====== Supplied material

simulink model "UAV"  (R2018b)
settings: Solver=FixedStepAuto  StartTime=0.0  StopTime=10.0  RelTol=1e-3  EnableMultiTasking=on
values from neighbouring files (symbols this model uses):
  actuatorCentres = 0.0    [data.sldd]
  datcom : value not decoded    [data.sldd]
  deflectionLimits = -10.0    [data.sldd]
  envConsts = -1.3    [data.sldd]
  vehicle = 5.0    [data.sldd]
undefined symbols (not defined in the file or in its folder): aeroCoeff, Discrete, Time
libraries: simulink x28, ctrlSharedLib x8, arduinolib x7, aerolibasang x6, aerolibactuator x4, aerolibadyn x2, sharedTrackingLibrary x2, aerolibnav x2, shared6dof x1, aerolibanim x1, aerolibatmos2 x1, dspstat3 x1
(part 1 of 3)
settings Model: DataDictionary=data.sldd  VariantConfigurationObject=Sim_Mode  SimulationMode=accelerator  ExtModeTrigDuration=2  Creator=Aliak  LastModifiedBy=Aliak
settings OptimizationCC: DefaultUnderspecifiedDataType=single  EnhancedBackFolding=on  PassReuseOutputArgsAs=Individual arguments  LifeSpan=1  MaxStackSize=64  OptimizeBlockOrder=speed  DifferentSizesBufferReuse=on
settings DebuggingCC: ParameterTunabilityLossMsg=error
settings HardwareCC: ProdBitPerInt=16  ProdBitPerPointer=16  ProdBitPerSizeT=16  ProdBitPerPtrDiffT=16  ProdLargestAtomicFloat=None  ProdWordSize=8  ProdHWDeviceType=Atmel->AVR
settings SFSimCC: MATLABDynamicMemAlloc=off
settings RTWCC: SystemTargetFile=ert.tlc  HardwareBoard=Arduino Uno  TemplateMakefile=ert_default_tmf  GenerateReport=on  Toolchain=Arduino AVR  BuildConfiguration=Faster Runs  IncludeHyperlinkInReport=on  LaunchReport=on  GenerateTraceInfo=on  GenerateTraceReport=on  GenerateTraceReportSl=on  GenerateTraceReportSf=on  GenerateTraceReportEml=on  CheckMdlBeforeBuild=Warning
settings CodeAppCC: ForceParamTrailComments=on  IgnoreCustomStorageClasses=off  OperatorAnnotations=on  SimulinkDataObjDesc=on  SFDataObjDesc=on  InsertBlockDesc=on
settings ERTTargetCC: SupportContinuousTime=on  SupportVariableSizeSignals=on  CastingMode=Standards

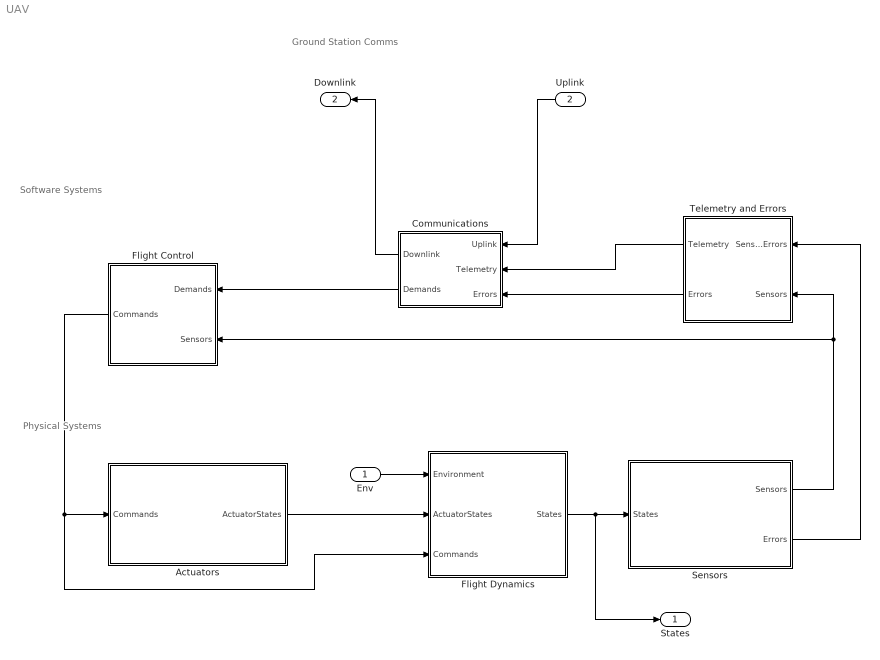
== system UAV ==
  note: Physical Systems
  note: Software Systems
  note: Ground Station Comms
  Env : Inport
  Uplink : Inport  Port=2  OutDataTypeStr=Bus: Uplink
  Actuators : Subsystem  Variant=on
  Communications : Subsystem
  Flight Control : Subsystem
  Flight Dynamics : Subsystem
  Sensors : Subsystem
  Telemetry and Errors : Subsystem  VariantControl=Variant1
  States : Outport  OutDataTypeStr=Bus: States
  Downlink : Outport  Port=2
  wires:
  Flight Dynamics/1(States) -> States/1, Sensors/1(States)
  Sensors/1(Sensors) -> Telemetry and Errors/2(Sensors), Flight Control/2(Sensors)
  Flight Control/1(Commands) -> Actuators/1(Commands), Flight Dynamics/3(Commands)
  Actuators/1(ActuatorStates) -> Flight Dynamics/2(ActuatorStates)
  Env/1 -> Flight Dynamics/1(Environment)
  Communications/2(Demands) -> Flight Control/1(Demands)
  Uplink/1 -> Communications/1(Uplink)
  Communications/1(Downlink) -> Downlink/1
  Sensors/2(Errors) -> Telemetry and Errors/1(SensorErrors)
  Telemetry and Errors/1(Telemetry) -> Communications/2(Telemetry)
  Telemetry and Errors/2(Errors) -> Communications/3(Errors)

== system UAV/Actuators ==
  Commands : Inport
  Model Actuators : Subsystem  VariantControl=SimType == 0
  Real Actuators : Subsystem  VariantControl=SimType == 2
  ActuatorStates : Outport

== system UAV/Communications ==
  Uplink : Inport  OutDataTypeStr=Bus: Uplink
  Telemetry : Inport  Port=2  OutDataTypeStr=Bus: Sensors
  Errors : Inport  Port=3  OutDataTypeStr=Bus: Errors
  Bus Creator : BusCreator  Inputs=6  OutDataTypeStr=Bus: Demands
      settings: InheritFromInputs=off
  Bus Selector : BusSelector  OutputSignals=AutoflightRefValues,ControlOverride
  Bus Selector1 : BusSelector  OutputSignals=FlightMode,HoldAltitude,HoldSpeed,HoldHeading,LLATarget
  Downlink : Outport
  Demands : Outport  Port=2  OutDataTypeStr=Bus: Demands
  wires:
  Uplink/1 -> Bus Selector/1
  Bus Selector/1 -> Bus Selector1/1  "<AutoflightRefValues>"
  Bus Selector1/1 -> Bus Creator/1  "<FlightMode>"
  Bus Selector1/2 -> Bus Creator/2  "<HoldAltitude>"
  Bus Selector1/3 -> Bus Creator/3  "<HoldSpeed>"
  Bus Selector1/4 -> Bus Creator/4  "<HoldHeading>"
  Bus Selector1/5 -> Bus Creator/5  "<LLATarget>"
  Bus Creator/1 -> Demands/1
  Bus Selector/2 -> Bus Creator/6  "<ControlOverride>"

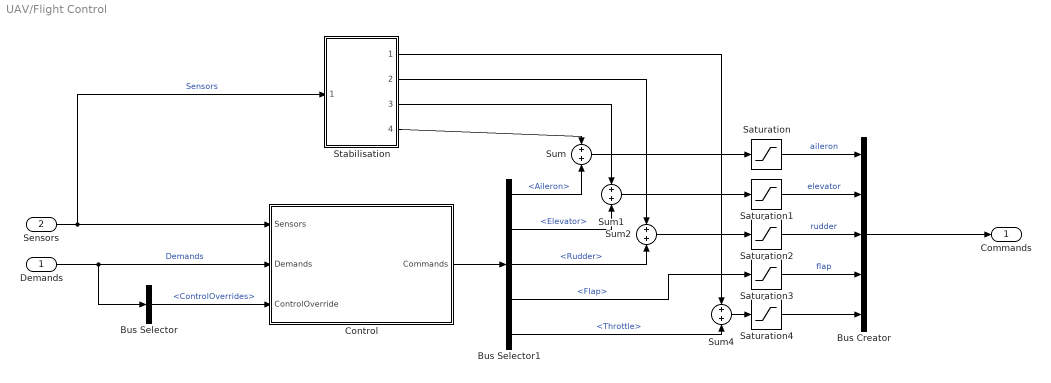
== system UAV/Flight Control ==
  Demands : Inport  OutDataTypeStr=Bus: Demands
  Sensors : Inport  Port=2  OutDataTypeStr=Bus: Sensors
  Bus Creator : BusCreator  Inputs=5  OutDataTypeStr=Bus: Commands
  Bus Selector : BusSelector  OutputSignals=ControlOverrides
  Bus Selector1 : BusSelector  OutputSignals=Aileron,Elevator,Rudder,Flap,Throttle
  Control : Stateflow chart  TreatAsAtomicUnit=on
  Saturation : Saturate  UpperLimit=deflectionLimits.aileron.max  LowerLimit=deflectionLimits.aileron.min
  Saturation1 : Saturate  UpperLimit=deflectionLimits.elevator.max  LowerLimit=deflectionLimits.elevator.min
  Saturation2 : Saturate  UpperLimit=deflectionLimits.rudder.max  LowerLimit=deflectionLimits.rudder.min
  Saturation3 : Saturate  UpperLimit=deflectionLimits.flap.max  LowerLimit=deflectionLimits.flap.min
  Saturation4 : Saturate  UpperLimit=1  LowerLimit=0
  Stabilisation : Subsystem
  Sum{,1..2,4} (4 alike) : Sum
  Commands : Outport
  wires:
  Bus Creator/1 -> Commands/1
  Sum/1 -> Saturation/1
  Sum1/1 -> Saturation1/1
  Sum2/1 -> Saturation2/1
  Saturation/1 -> Bus Creator/1  "aileron"
  Saturation1/1 -> Bus Creator/2  "elevator"
  Saturation2/1 -> Bus Creator/3  "rudder"
  Saturation3/1 -> Bus Creator/4  "flap"
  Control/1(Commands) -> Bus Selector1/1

============

Your goal:
Pictures stay out; everything else in the listing above is to be repeated exactly.

Solution:
simulink model "UAV"  (R2018b)
settings: Solver=FixedStepAuto  StartTime=0.0  StopTime=10.0  RelTol=1e-3  EnableMultiTasking=on
values from neighbouring files (symbols this model uses):
  actuatorCentres = 0.0    [data.sldd]
  datcom : value not decoded    [data.sldd]
  deflectionLimits = -10.0    [data.sldd]
  envConsts = -1.3    [data.sldd]
  vehicle = 5.0    [data.sldd]
undefined symbols (not defined in the file or in its folder): aeroCoeff, Discrete, Time
libraries: simulink x28, ctrlSharedLib x8, arduinolib x7, aerolibasang x6, aerolibactuator x4, aerolibadyn x2, sharedTrackingLibrary x2, aerolibnav x2, shared6dof x1, aerolibanim x1, aerolibatmos2 x1, dspstat3 x1
(part 1 of 3)
settings Model: DataDictionary=data.sldd  VariantConfigurationObject=Sim_Mode  SimulationMode=accelerator  ExtModeTrigDuration=2  Creator=Aliak  LastModifiedBy=Aliak
settings OptimizationCC: DefaultUnderspecifiedDataType=single  EnhancedBackFolding=on  PassReuseOutputArgsAs=Individual arguments  LifeSpan=1  MaxStackSize=64  OptimizeBlockOrder=speed  DifferentSizesBufferReuse=on
settings DebuggingCC: ParameterTunabilityLossMsg=error
settings HardwareCC: ProdBitPerInt=16  ProdBitPerPointer=16  ProdBitPerSizeT=16  ProdBitPerPtrDiffT=16  ProdLargestAtomicFloat=None  ProdWordSize=8  ProdHWDeviceType=Atmel->AVR
settings SFSimCC: MATLABDynamicMemAlloc=off
settings RTWCC: SystemTargetFile=ert.tlc  HardwareBoard=Arduino Uno  TemplateMakefile=ert_default_tmf  GenerateReport=on  Toolchain=Arduino AVR  BuildConfiguration=Faster Runs  IncludeHyperlinkInReport=on  LaunchReport=on  GenerateTraceInfo=on  GenerateTraceReport=on  GenerateTraceReportSl=on  GenerateTraceReportSf=on  GenerateTraceReportEml=on  CheckMdlBeforeBuild=Warning
settings CodeAppCC: ForceParamTrailComments=on  IgnoreCustomStorageClasses=off  OperatorAnnotations=on  SimulinkDataObjDesc=on  SFDataObjDesc=on  InsertBlockDesc=on
settings ERTTargetCC: SupportContinuousTime=on  SupportVariableSizeSignals=on  CastingMode=Standards

== system UAV ==
  note: Physical Systems
  note: Software Systems
  note: Ground Station Comms
  Env : Inport
  Uplink : Inport  Port=2  OutDataTypeStr=Bus: Uplink
  Actuators : Subsystem  Variant=on
  Communications : Subsystem
  Flight Control : Subsystem
  Flight Dynamics : Subsystem
  Sensors : Subsystem
  Telemetry and Errors : Subsystem  VariantControl=Variant1
  States : Outport  OutDataTypeStr=Bus: States
  Downlink : Outport  Port=2
  wires:
  Flight Dynamics/1(States) -> States/1, Sensors/1(States)
  Sensors/1(Sensors) -> Telemetry and Errors/2(Sensors), Flight Control/2(Sensors)
  Flight Control/1(Commands) -> Actuators/1(Commands), Flight Dynamics/3(Commands)
  Actuators/1(ActuatorStates) -> Flight Dynamics/2(ActuatorStates)
  Env/1 -> Flight Dynamics/1(Environment)
  Communications/2(Demands) -> Flight Control/1(Demands)
  Uplink/1 -> Communications/1(Uplink)
  Communications/1(Downlink) -> Downlink/1
  Sensors/2(Errors) -> Telemetry and Errors/1(SensorErrors)
  Telemetry and Errors/1(Telemetry) -> Communications/2(Telemetry)
  Telemetry and Errors/2(Errors) -> Communications/3(Errors)

== system UAV/Actuators ==
  Commands : Inport
  Model Actuators : Subsystem  VariantControl=SimType == 0
  Real Actuators : Subsystem  VariantControl=SimType == 2
  ActuatorStates : Outport

== system UAV/Communications ==
  Uplink : Inport  OutDataTypeStr=Bus: Uplink
  Telemetry : Inport  Port=2  OutDataTypeStr=Bus: Sensors
  Errors : Inport  Port=3  OutDataTypeStr=Bus: Errors
  Bus Creator : BusCreator  Inputs=6  OutDataTypeStr=Bus: Demands
      settings: InheritFromInputs=off
  Bus Selector : BusSelector  OutputSignals=AutoflightRefValues,ControlOverride
  Bus Selector1 : BusSelector  OutputSignals=FlightMode,HoldAltitude,HoldSpeed,HoldHeading,LLATarget
  Downlink : Outport
  Demands : Outport  Port=2  OutDataTypeStr=Bus: Demands
  wires:
  Uplink/1 -> Bus Selector/1
  Bus Selector/1 -> Bus Selector1/1  "<AutoflightRefValues>"
  Bus Selector1/1 -> Bus Creator/1  "<FlightMode>"
  Bus Selector1/2 -> Bus Creator/2  "<HoldAltitude>"
  Bus Selector1/3 -> Bus Creator/3  "<HoldSpeed>"
  Bus Selector1/4 -> Bus Creator/4  "<HoldHeading>"
  Bus Selector1/5 -> Bus Creator/5  "<LLATarget>"
  Bus Creator/1 -> Demands/1
  Bus Selector/2 -> Bus Creator/6  "<ControlOverride>"

== system UAV/Flight Control ==
  Demands : Inport  OutDataTypeStr=Bus: Demands
  Sensors : Inport  Port=2  OutDataTypeStr=Bus: Sensors
  Bus Creator : BusCreator  Inputs=5  OutDataTypeStr=Bus: Commands
  Bus Selector : BusSelector  OutputSignals=ControlOverrides
  Bus Selector1 : BusSelector  OutputSignals=Aileron,Elevator,Rudder,Flap,Throttle
  Control : Stateflow chart  TreatAsAtomicUnit=on
  Saturation : Saturate  UpperLimit=deflectionLimits.aileron.max  LowerLimit=deflectionLimits.aileron.min
  Saturation1 : Saturate  UpperLimit=deflectionLimits.elevator.max  LowerLimit=deflectionLimits.elevator.min
  Saturation2 : Saturate  UpperLimit=deflectionLimits.rudder.max  LowerLimit=deflectionLimits.rudder.min
  Saturation3 : Saturate  UpperLimit=deflectionLimits.flap.max  LowerLimit=deflectionLimits.flap.min
  Saturation4 : Saturate  UpperLimit=1  LowerLimit=0
  Stabilisation : Subsystem
  Sum{,1..2,4} (4 alike) : Sum
  Commands : Outport
  wires:
  Bus Creator/1 -> Commands/1
  Sum/1 -> Saturation/1
  Sum1/1 -> Saturation1/1
  Sum2/1 -> Saturation2/1
  Saturation/1 -> Bus Creator/1  "aileron"
  Saturation1/1 -> Bus Creator/2  "elevator"
  Saturation2/1 -> Bus Creator/3  "rudder"
  Saturation3/1 -> Bus Creator/4  "flap"
  Control/1(Commands) -> Bus Selector1/1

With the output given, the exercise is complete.